Palmoplantar keratoderma is a term used to define a marked thickening of the skin on the palms and soles, either as a focal entity, or diffuse. Some people with focal palmoplantar keratoderma also have abnormalities of the fingernails and toenails There are several inherited typeswhich are all rare. In cases where tripe palms occur without AN, lung cancers are usually responsible. If findings are consistent with a hereditary keratoderma, then a genetics consultation should be considered.


All named individuals and organisations maintain copyright for the relevant images. The palms of the hands may be affected with discrete, centrally placed lesions.

Acquired palmoplantar keratoderma.

If no such etiology is evident, then conservative treatment options include topical keratolytics urea, salicylic acid, lactic acidrepeated physical debridement, topical retinoids, topical psoralen plus UVA, and topical corticosteroids.

If no pertinent findings are identified after a history and a physical keratoder,a, laboratory and radiology studies should be undertaken in a systematic, logical fashion. Occasionally keratoderma can affect other parts of the body It can be difficult to differentiate between the different types of keratoderma, however, the management principles are similarand as such the key diagnostic elements are to exclude the rare malignant or other systemic causes.

Any findings suggestive of underlying conditions should be aggressively evaluated and treated.

Acquired keratoderma | DermNet NZ

The first step should include a comprehensive history and a physical examination, meratoderma a complete skin examination. It usually affects the sole of the feet around the margins of the heel and under the metatarsal heads. Keratoderma can be inherited, acquired, and rarely, paraneoplastic ie secondary to an internal malignancy. Please click on images to enlarge or download. Keratoderma may be hereditarywith symptoms presenting in early childhood, or acquired when it presents in later life.

There is usually a well-defined erythematous border The two conditions vary in their histological features Several others types have been described. Any image downloaded must keratodermq be used for teaching purposes and not for commercial use.

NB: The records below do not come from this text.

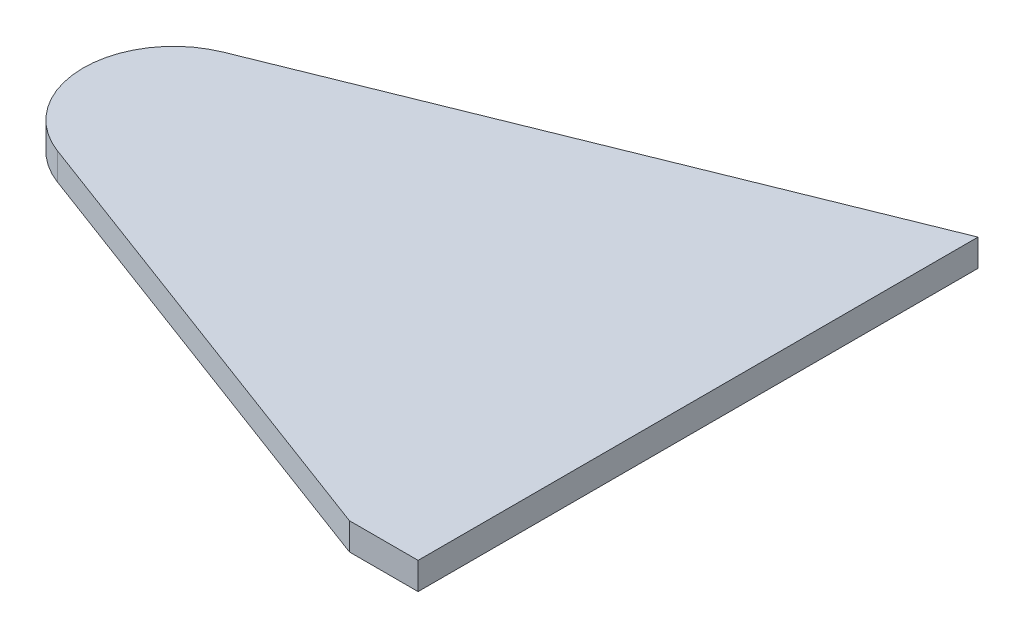
from build123d import *

# Parameters (mm, degrees)
BOSS_EXTRUDE1_DEPTH = 15
FILLET1_R           = 50


with BuildPart() as part:
    # Sketch1 → Boss-Extrude1 (new body)
    with BuildSketch(Plane(origin=(0, 0, 0), x_dir=(1, 0, 0), z_dir=(0, 1, 0))):
        Polygon((0, 0), (38, 0), (38, 310), (-258.698833461, 190.125890107), (-378.767030264, 141.61518971), (-262.26821299, 98.058066753), align=None)
    extrude(amount=BOSS_EXTRUDE1_DEPTH)

    # Fillet1
    fillet1_edges = [part.edges().sort_by_distance(p)[0] for p in [
        (-378.767030264, 7.5, -141.61518971),
    ]]
    fillet(fillet1_edges, radius=FILLET1_R)


solid = part.part
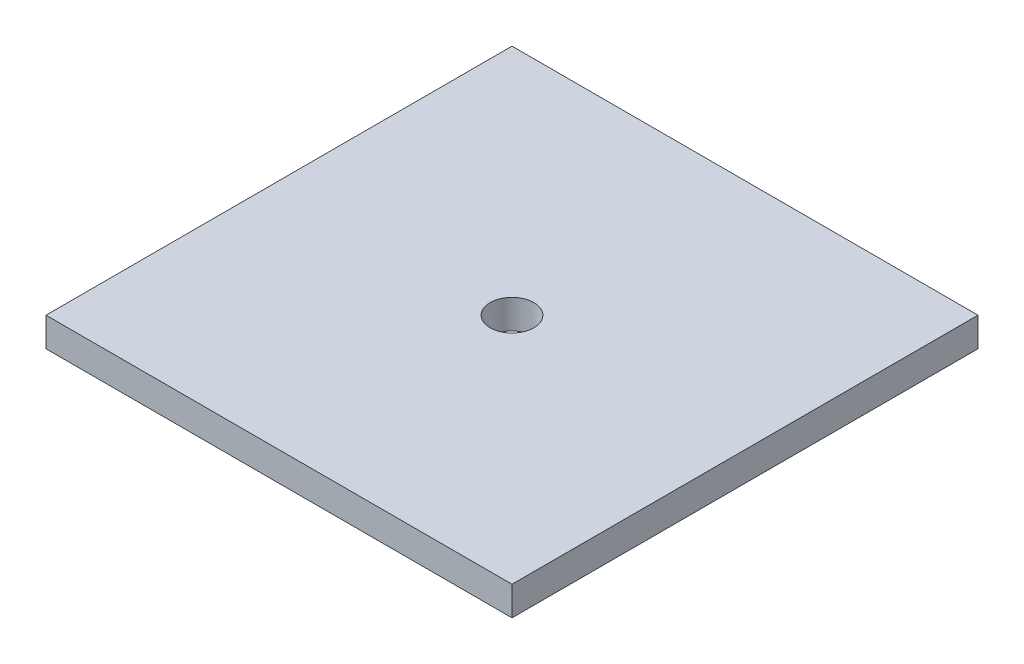
from build123d import *

# Parameters (mm, degrees)
SKETCH1_W           = 203.2
SKETCH1_H           = 203.2
SKETCH1_R           = 9.525
BOSS_EXTRUDE1_DEPTH = 12.7


with BuildPart() as part:
    # Sketch1 → Boss-Extrude1 (new body)
    with BuildSketch(Plane(origin=(0, 0, 0), x_dir=(1, 0, 0), z_dir=(0, 1, 0))):
        Rectangle(SKETCH1_W, SKETCH1_H)
        with Locations(Location((0, 0, 0), (0, 0, 270))):
            Circle(SKETCH1_R, mode=Mode.SUBTRACT)
    extrude(amount=BOSS_EXTRUDE1_DEPTH)


solid = part.part
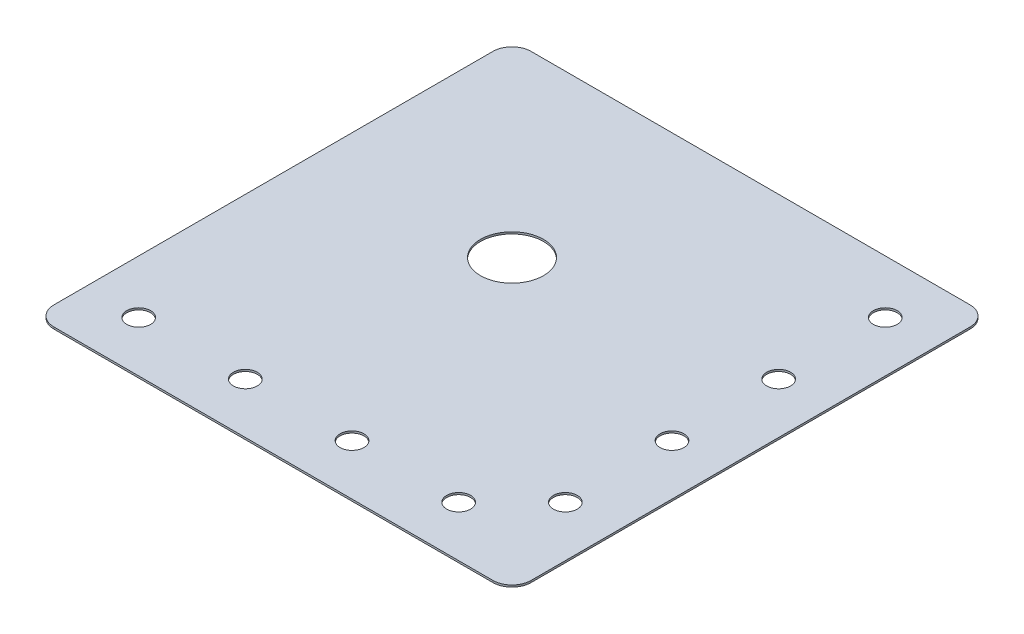
from build123d import *

# Parameters (mm, degrees)
SKETCH1_R           = 3.3
SKETCH1_R_2         = 1.25
BOSS_EXTRUDE1_DEPTH = 0.2


with BuildPart() as part:
    # Sketch1 → Boss-Extrude1 (new body)
    with BuildSketch(Plane(origin=(0, 0, 0), x_dir=(1, 0, 0), z_dir=(0, 1, 0))):
        with BuildLine():
            Line((-37.367243025, 42.925002652), (-37.367243025, -3.074997348))
            ThreePointArc((-37.367243025, -3.074997348), (-36.781456588, -4.48921091), (-35.367243025, -5.074997348))
            Line((-35.367243025, -5.074997348), (10.632756975, -5.074997348))
            ThreePointArc((10.632756975, -5.074997348), (12.046970537, -4.48921091), (12.632756975, -3.074997348))
            Line((12.632756975, -3.074997348), (12.632756975, 42.925002652))
            ThreePointArc((12.632756975, 42.925002652), (12.046970537, 44.339216214), (10.632756975, 44.925002652))
            Line((10.632756975, 44.925002652), (-35.367243025, 44.925002652))
            ThreePointArc((-35.367243025, 44.925002652), (-36.781456588, 44.339216214), (-37.367243025, 42.925002652))
        make_face()
        with Locations(Location((-17.667243025, 25.225002652, 0), (0, 0, 270))):
            Circle(SKETCH1_R, mode=Mode.SUBTRACT)
        with Locations(Location((7.332756975, 16.987502652, 0), (0, 0, 270))):
            Circle(SKETCH1_R_2, mode=Mode.SUBTRACT)
        with Locations(Location((7.332756975, 28.162502652, 0), (0, 0, 270))):
            Circle(SKETCH1_R_2, mode=Mode.SUBTRACT)
        with Locations(Location((7.332756975, 39.337502652, 0), (0, 0, 270))):
            Circle(SKETCH1_R_2, mode=Mode.SUBTRACT)
        with Locations(Location((7.332756975, 5.812502652, 0), (0, 0, 270))):
            Circle(SKETCH1_R_2, mode=Mode.SUBTRACT)
        with Locations(Location((1.745256975, 0.225002652, 0), (0, 0, 270))):
            Circle(SKETCH1_R_2, mode=Mode.SUBTRACT)
        with Locations(Location((-9.429743025, 0.225002652, 0), (0, 0, 270))):
            Circle(SKETCH1_R_2, mode=Mode.SUBTRACT)
        with Locations(Location((-20.604743025, 0.225002652, 0), (0, 0, 270))):
            Circle(SKETCH1_R_2, mode=Mode.SUBTRACT)
        with Locations(Location((-31.779743025, 0.225002652, 0), (0, 0, 270))):
            Circle(SKETCH1_R_2, mode=Mode.SUBTRACT)
    extrude(amount=BOSS_EXTRUDE1_DEPTH)


solid = part.part
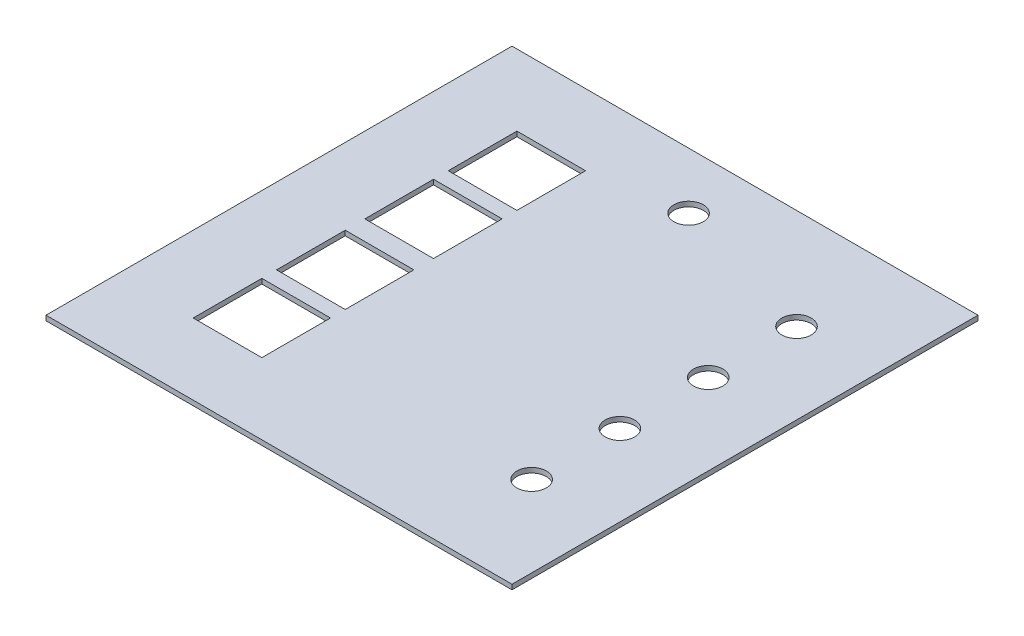
from build123d import *

# Parameters (mm, degrees)
SKETCH1_W           = 95
SKETCH1_H           = 95
BOSS_EXTRUDE1_DEPTH = 1
SKETCH2_R           = 3
SKETCH2_W           = 14
SKETCH2_H           = 14
CUT_EXTRUDE1_DEPTH  = 1


with BuildPart() as part:
    # Sketch1 → Boss-Extrude1 (new body)
    with BuildSketch(Plane(origin=(0, 0, 0), x_dir=(1, 0, 0), z_dir=(0, 1, 0))):
        with Locations((47.5, 47.5)):
            Rectangle(SKETCH1_W, SKETCH1_H)
    extrude(amount=BOSS_EXTRUDE1_DEPTH)

    # Sketch2 → Cut-Extrude1 (cut)
    with BuildSketch(Plane(origin=(0, 1, 0), x_dir=(1, 0, 0), z_dir=(0, 1, 0))):
        with Locations(Location((47.5, 83.5, 0), (0, 0, 270))):
            Circle(SKETCH2_R)
        with Locations(Location((78.5, 74.5, 0), (0, 0, 270))):
            Circle(SKETCH2_R)
        with Locations(Location((78.5, 56.5, 0), (0, 0, 270))):
            Circle(SKETCH2_R)
        with Locations(Location((78.5, 38.5, 0), (0, 0, 90))):
            Circle(SKETCH2_R)
        with Locations(Location((78.5, 20.5, 0), (0, 0, 90))):
            Circle(SKETCH2_R)
        with Locations((22.5, 56.5)):
            Rectangle(SKETCH2_W, SKETCH2_H)
        with Locations((22.5, 73.5)):
            Rectangle(SKETCH2_W, SKETCH2_H)
        with Locations((22.5, 21.5)):
            Rectangle(SKETCH2_W, SKETCH2_H)
        with Locations((22.5, 38.5)):
            Rectangle(SKETCH2_W, SKETCH2_H)
    extrude(amount=-CUT_EXTRUDE1_DEPTH, mode=Mode.SUBTRACT)


solid = part.part
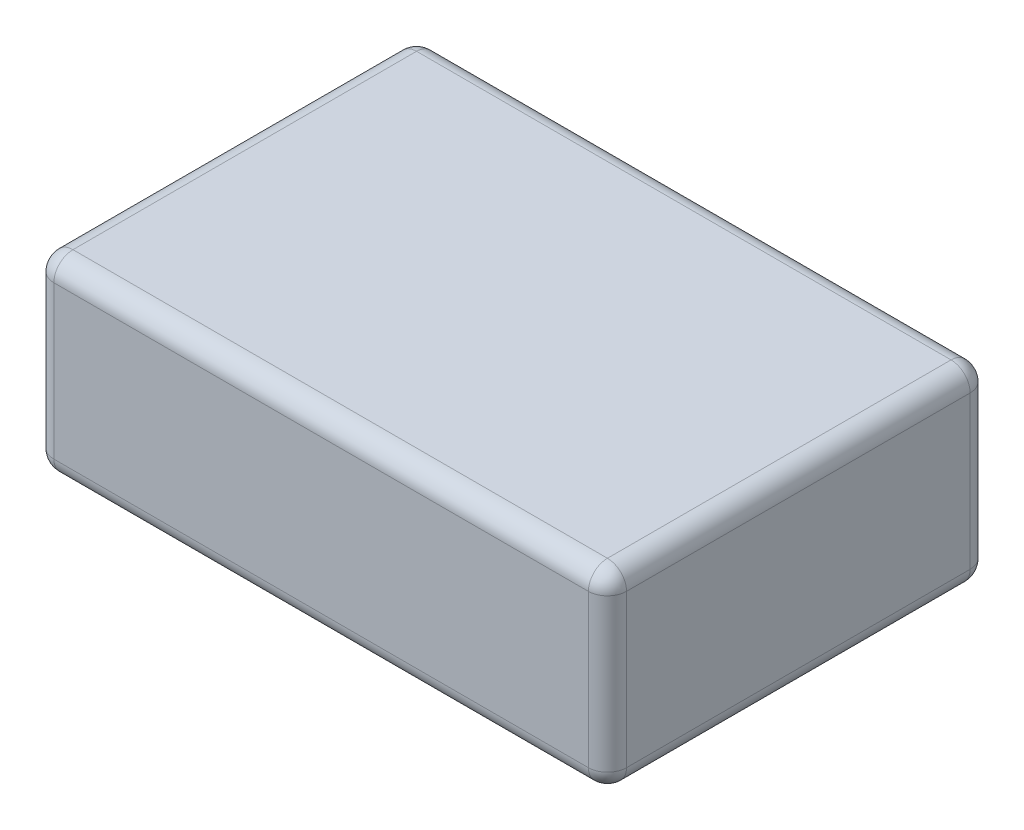
from build123d import *

# Parameters (mm, degrees)
SKETCH1_W           = 20
SKETCH1_H           = 10
BOSS_EXTRUDE1_DEPTH = 15
FILLET1_R           = 1


with BuildPart() as part:
    # Sketch1 → Boss-Extrude1 (new, symmetric)
    with BuildSketch(Plane(origin=(0, 0, 0), x_dir=(0, 0, -1), z_dir=(1, 0, 0))):
        Rectangle(SKETCH1_W, SKETCH1_H)
    extrude(amount=BOSS_EXTRUDE1_DEPTH, both=True)

    # Fillet1
    fillet1_edges = [part.edges().sort_by_distance(p)[0] for p in [
        (15, 0, 10),
        (15, -5, 0),
        (15, 0, -10),
        (-15, -5, 0),
        (-15, 0, 10),
        (-15, 5, 0),
        (-15, 0, -10),
        (0, -5, -10),
        (0, -5, 10),
        (0, 5, 10),
        (0, 5, -10),
        (15, 5, 0),
    ]]
    fillet(fillet1_edges, radius=FILLET1_R)


solid = part.part
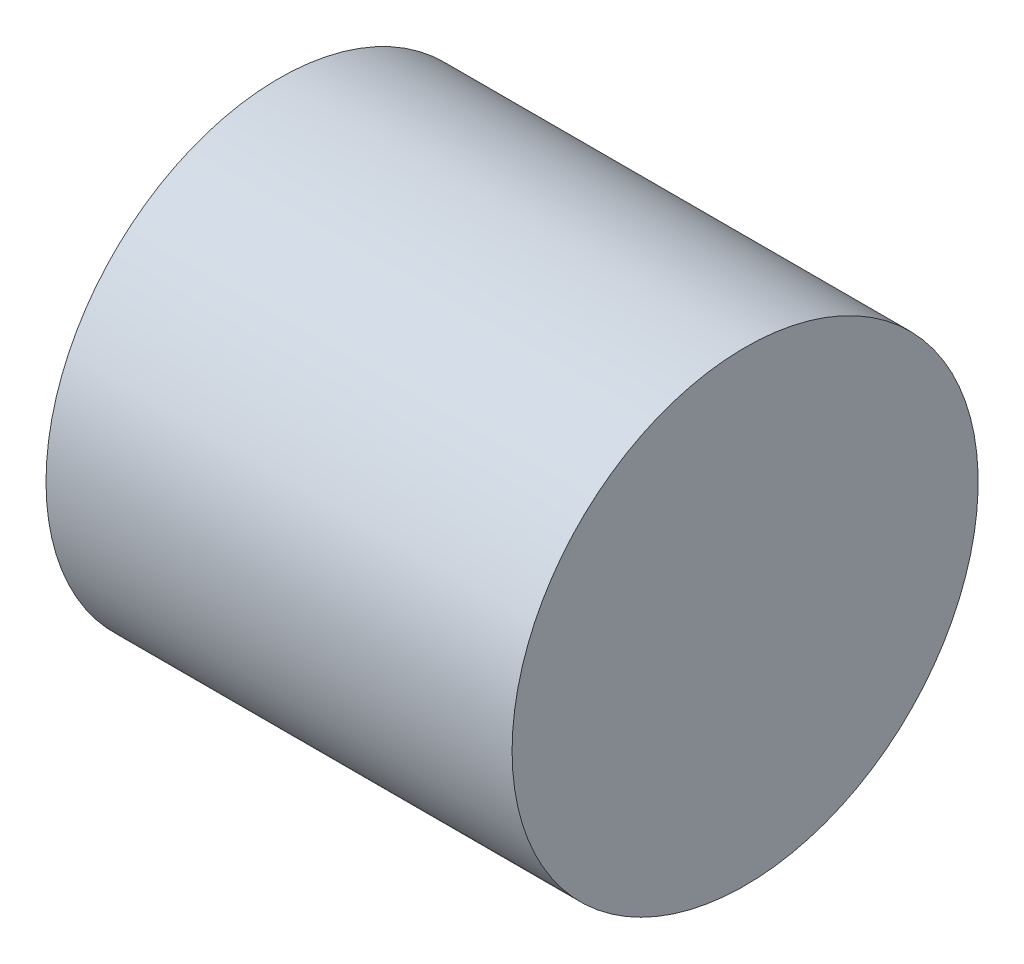
from build123d import *

# Parameters (mm, degrees)
SKETCH1_W = 584.2
SKETCH1_H = 292.1


with BuildPart() as part:
    # Sketch1 → Revolve1 (revolve)
    with BuildSketch(Plane.XY, mode=Mode.PRIVATE) as revolve1_sk:
        with Locations((292.1, 146.05)):
            Rectangle(SKETCH1_W, SKETCH1_H)
    revolve(revolve1_sk.sketch.rotate(Axis((0, 0, 0), (1, 0, 0)), 90), axis=Axis((0, 0, 0), (1, 0, 0)))


solid = part.part

A painful paronychia develops with no evidence of bacterial or fungal infection. Rarely keratoderma can be associated with malignancy. Axial CT images showing multiple polypoidal enhancing mass lesions with surface calcifications, in the urinary bladder.

In order to avoid the possibility of overlooking an underlying etiology and to eliminate excessive testing, we present an algorithm palmoplahtar assessing patients presenting with acquired PPK. It is associated with squamous cell carcinoma of the upper aerodigestive tract oral cavity, pharynx, larynx, oesophagus. The cutaneous features usually pre-date the diagnosis of the cancer.

Website author — Dr Tim Cunliffe read more. It is often associated with acanthosis nigricans AN.

Aetiology Clinical pakmoplantar Images Investigations Management. Please follow this link if you have any high-quality images that you can contribute to the website. Etretinate and acitretin have also shown some success as alternative treatments in recalcitrant cases.

To facilitate such evaluations, this review categorizes the acquired PPKs as: They can be very effective for some patients, but cannot be used in fertile women due to their teratogenicity. Keratoderma of the soles and acanthosis nigricans of the hands in a patient with bladder carcinoma. This website is non-profit and holds the images for educational purposes only.